Combinatorial Phosphorylation-Dependent Synergy Between a G Protein Subunit and the Ste5 Scaffold Regulates Differential MAP-Kinase Activation in Yeast

Abstract

Heterotrimeric G proteins (Gαβγ) play a critical role as transducers in G protein signaling systems responsible for activating a wide range of physiological processes including neurotransmitter and hormone signaling. In yeast, heterotrimeric G protein signaling results in the distinctly different activation of two mitogen-activated protein kinases (MAPKs) - Fus3 and Kss1 - a phenomenon that requires conformational switching of the scaffold protein Ste5. Here we show that rapid receptor-activated phosphorylation of the intrinsically disordered N-terminal tail of the yeast Gγ subunit (Ste18-Nt) has co-evolved to synergize with MAPK binding on Ste5 to control the kinetics and amplitude of Fus3 and Kss1 signaling.

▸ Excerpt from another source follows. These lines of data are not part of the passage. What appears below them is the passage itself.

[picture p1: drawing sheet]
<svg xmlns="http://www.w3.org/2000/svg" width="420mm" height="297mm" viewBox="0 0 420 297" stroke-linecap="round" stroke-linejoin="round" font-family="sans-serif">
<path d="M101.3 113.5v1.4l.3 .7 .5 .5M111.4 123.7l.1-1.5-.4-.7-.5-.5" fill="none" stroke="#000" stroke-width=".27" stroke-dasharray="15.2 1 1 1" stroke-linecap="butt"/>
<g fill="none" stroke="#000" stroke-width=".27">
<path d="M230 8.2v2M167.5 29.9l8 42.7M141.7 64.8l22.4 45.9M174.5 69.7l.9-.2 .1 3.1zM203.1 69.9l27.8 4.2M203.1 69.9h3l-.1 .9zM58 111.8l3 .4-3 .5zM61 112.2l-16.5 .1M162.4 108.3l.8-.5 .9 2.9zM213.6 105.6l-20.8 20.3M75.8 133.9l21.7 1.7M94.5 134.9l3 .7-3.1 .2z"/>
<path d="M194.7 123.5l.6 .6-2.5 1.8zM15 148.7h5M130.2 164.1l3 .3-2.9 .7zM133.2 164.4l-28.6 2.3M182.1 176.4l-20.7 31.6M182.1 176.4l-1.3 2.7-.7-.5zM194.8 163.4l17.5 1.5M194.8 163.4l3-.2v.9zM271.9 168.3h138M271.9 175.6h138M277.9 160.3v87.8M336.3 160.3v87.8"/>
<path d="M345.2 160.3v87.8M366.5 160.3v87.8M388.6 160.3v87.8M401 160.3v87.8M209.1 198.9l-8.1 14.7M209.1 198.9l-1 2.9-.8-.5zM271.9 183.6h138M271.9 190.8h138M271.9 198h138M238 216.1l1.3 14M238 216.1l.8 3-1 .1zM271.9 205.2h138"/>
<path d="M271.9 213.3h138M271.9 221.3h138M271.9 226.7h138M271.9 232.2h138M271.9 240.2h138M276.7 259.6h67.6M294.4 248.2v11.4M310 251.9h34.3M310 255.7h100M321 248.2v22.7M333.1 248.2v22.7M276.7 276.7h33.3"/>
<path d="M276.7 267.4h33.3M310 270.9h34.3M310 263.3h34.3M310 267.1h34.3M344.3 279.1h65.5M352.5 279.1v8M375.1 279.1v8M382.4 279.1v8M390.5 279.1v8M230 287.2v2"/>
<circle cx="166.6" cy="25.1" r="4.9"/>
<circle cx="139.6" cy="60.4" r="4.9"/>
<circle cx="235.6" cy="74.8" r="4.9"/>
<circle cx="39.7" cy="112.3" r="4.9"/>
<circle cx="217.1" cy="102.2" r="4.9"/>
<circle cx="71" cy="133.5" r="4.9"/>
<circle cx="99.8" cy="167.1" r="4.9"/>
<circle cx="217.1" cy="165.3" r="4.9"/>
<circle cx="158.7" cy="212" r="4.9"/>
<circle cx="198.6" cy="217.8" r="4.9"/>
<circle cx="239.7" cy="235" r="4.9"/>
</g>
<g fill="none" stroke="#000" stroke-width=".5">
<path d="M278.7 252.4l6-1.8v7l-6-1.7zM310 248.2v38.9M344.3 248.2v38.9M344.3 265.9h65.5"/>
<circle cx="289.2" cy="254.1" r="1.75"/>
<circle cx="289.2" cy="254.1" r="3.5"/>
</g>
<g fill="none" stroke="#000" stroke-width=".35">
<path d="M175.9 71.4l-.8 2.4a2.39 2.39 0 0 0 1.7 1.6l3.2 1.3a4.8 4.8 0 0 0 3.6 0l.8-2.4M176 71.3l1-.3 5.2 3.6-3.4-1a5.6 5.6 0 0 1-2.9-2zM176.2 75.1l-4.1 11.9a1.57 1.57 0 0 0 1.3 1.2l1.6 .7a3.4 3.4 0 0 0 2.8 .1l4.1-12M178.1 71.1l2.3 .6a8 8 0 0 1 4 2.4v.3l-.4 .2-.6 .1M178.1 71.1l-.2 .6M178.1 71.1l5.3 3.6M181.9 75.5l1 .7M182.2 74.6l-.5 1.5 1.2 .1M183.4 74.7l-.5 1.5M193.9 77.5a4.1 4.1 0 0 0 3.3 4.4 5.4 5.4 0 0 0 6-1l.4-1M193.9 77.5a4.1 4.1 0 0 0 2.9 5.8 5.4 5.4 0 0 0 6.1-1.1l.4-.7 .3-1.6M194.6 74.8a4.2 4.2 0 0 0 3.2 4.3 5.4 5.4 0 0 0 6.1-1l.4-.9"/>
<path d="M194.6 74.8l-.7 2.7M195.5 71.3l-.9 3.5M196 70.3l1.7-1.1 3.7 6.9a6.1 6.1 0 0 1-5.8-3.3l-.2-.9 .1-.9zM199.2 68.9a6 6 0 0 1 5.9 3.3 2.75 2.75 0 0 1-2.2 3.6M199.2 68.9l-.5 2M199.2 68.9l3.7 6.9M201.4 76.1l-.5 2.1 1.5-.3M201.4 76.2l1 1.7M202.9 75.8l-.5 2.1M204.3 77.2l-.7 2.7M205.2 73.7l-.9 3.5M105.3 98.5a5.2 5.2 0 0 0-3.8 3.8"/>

By modulating this synergistic component genetically, we show that the activation kinetics and amplitude of either kinase can be controlled - leading to preferential hyperactivation of Fus3 or Kss1. These results further resolve the mechanism by which scaffolds control pathway activation and provide compelling evidence that the intrinsically disordered N-terminal tails of Gγ subunits can serve as regulators of G protein signaling.